» **EXERCISE DESCRIPTION**:
In the material below, find each line with the word "Constant" and list it.

········

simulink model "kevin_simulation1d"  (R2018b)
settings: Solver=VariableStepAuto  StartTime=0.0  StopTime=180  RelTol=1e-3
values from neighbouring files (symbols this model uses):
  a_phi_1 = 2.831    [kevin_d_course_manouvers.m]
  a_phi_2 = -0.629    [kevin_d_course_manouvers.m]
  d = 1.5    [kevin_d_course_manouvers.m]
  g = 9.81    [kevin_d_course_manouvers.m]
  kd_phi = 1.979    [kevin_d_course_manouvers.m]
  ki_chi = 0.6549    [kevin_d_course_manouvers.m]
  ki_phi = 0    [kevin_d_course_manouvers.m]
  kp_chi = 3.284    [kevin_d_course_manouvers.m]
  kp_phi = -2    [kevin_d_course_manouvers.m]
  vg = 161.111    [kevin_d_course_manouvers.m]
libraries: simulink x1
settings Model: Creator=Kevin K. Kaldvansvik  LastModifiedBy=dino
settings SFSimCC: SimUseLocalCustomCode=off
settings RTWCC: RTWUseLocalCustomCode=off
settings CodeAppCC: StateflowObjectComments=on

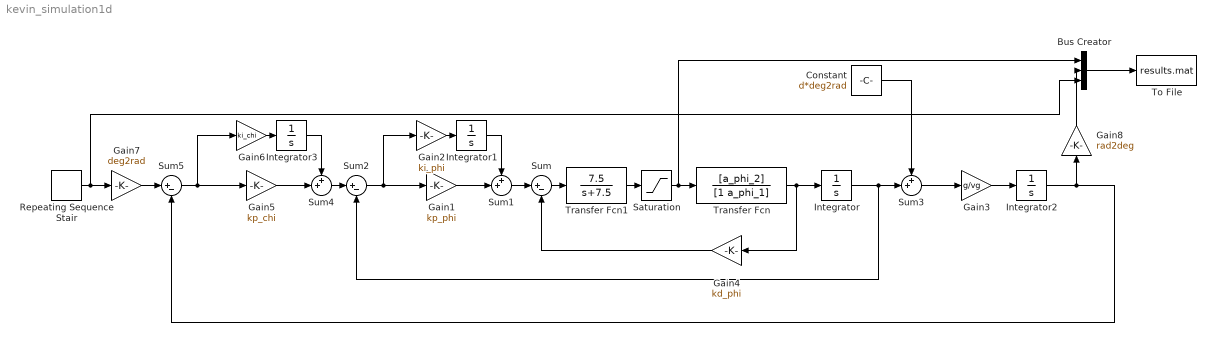
== system kevin_simulation1d ==
  Bus Creator : BusCreator  Inputs=3
  Constant : Constant  Value=d*deg2rad
  Gain1 : Gain  Gain=kp_phi
  Gain2 : Gain  Gain=ki_phi
  Gain3 : Gain  Gain=g/vg
  Gain4 : Gain  Gain=kd_phi
  Gain5 : Gain  Gain=kp_chi
  Gain6 : Gain  Gain=ki_chi
  Gain7 : Gain  Gain=deg2rad
  Gain8 : Gain  Gain=rad2deg
  Integrator{,1..3} (4 alike) : Integrator
  Repeating Sequence Stair : simulink/Sources/Repeating Sequence Stair  OutValues=[10 0 -10].'  tsamp=60  OutMin=[]  OutMax=[]  OutDataTypeStr=double  OutputDataTypeScalingMode=double  OutDataType=fixdt(0,8)  ConRadixGroup=Best Precision: Vector-wise  OutScaling=2^-12
  Saturation : Saturate  UpperLimit=30*deg2rad  LowerLimit=-30*deg2rad
  Sum : Sum  Inputs=|+-
  Sum1 : Sum  Inputs=++|
  Sum2 : Sum  Inputs=|+-
  Sum3 : Sum  Inputs=++|
  Sum4 : Sum  Inputs=++|
  Sum5 : Sum  Inputs=|+-
  To File : ToFile  Filename=results.mat
  Transfer Fcn : TransferFcn  Numerator=[a_phi_2]  Denominator=[1 a_phi_1]
  Transfer Fcn1 : TransferFcn  Numerator=[7.5]  Denominator=[1 7.5]
  wires:
  Transfer Fcn/1 -> Gain4/1, Integrator/1
  Sum1/1 -> Sum/1
  Gain1/1 -> Sum1/2
  Gain2/1 -> Integrator1/1
  Integrator1/1 -> Sum1/1
  Sum2/1 -> Gain2/1, Gain1/1
  Sum4/1 -> Sum2/1
  Integrator/1 -> Sum2/2, Sum3/2
  Constant/1 -> Sum3/1
  Sum3/1 -> Gain3/1
  Gain3/1 -> Integrator2/1
  Integrator2/1 -> Gain8/1, Sum5/2
  Gain4/1 -> Sum/2
  Gain5/1 -> Sum4/2
  Gain6/1 -> Integrator3/1
  Integrator3/1 -> Sum4/1
  Sum5/1 -> Gain6/1, Gain5/1
  Bus Creator/1 -> To File/1
  Sum/1 -> Transfer Fcn1/1
  Transfer Fcn1/1 -> Saturation/1
  Saturation/1 -> Bus Creator/1, Transfer Fcn/1
  Repeating Sequence Stair/1 -> Gain7/1, Bus Creator/3
  Gain7/1 -> Sum5/1
  Gain8/1 -> Bus Creator/2

········

» **RESULT FOR THIS TASK**:
  Constant : Constant  Value=d*deg2rad
  Constant/1 -> Sum3/1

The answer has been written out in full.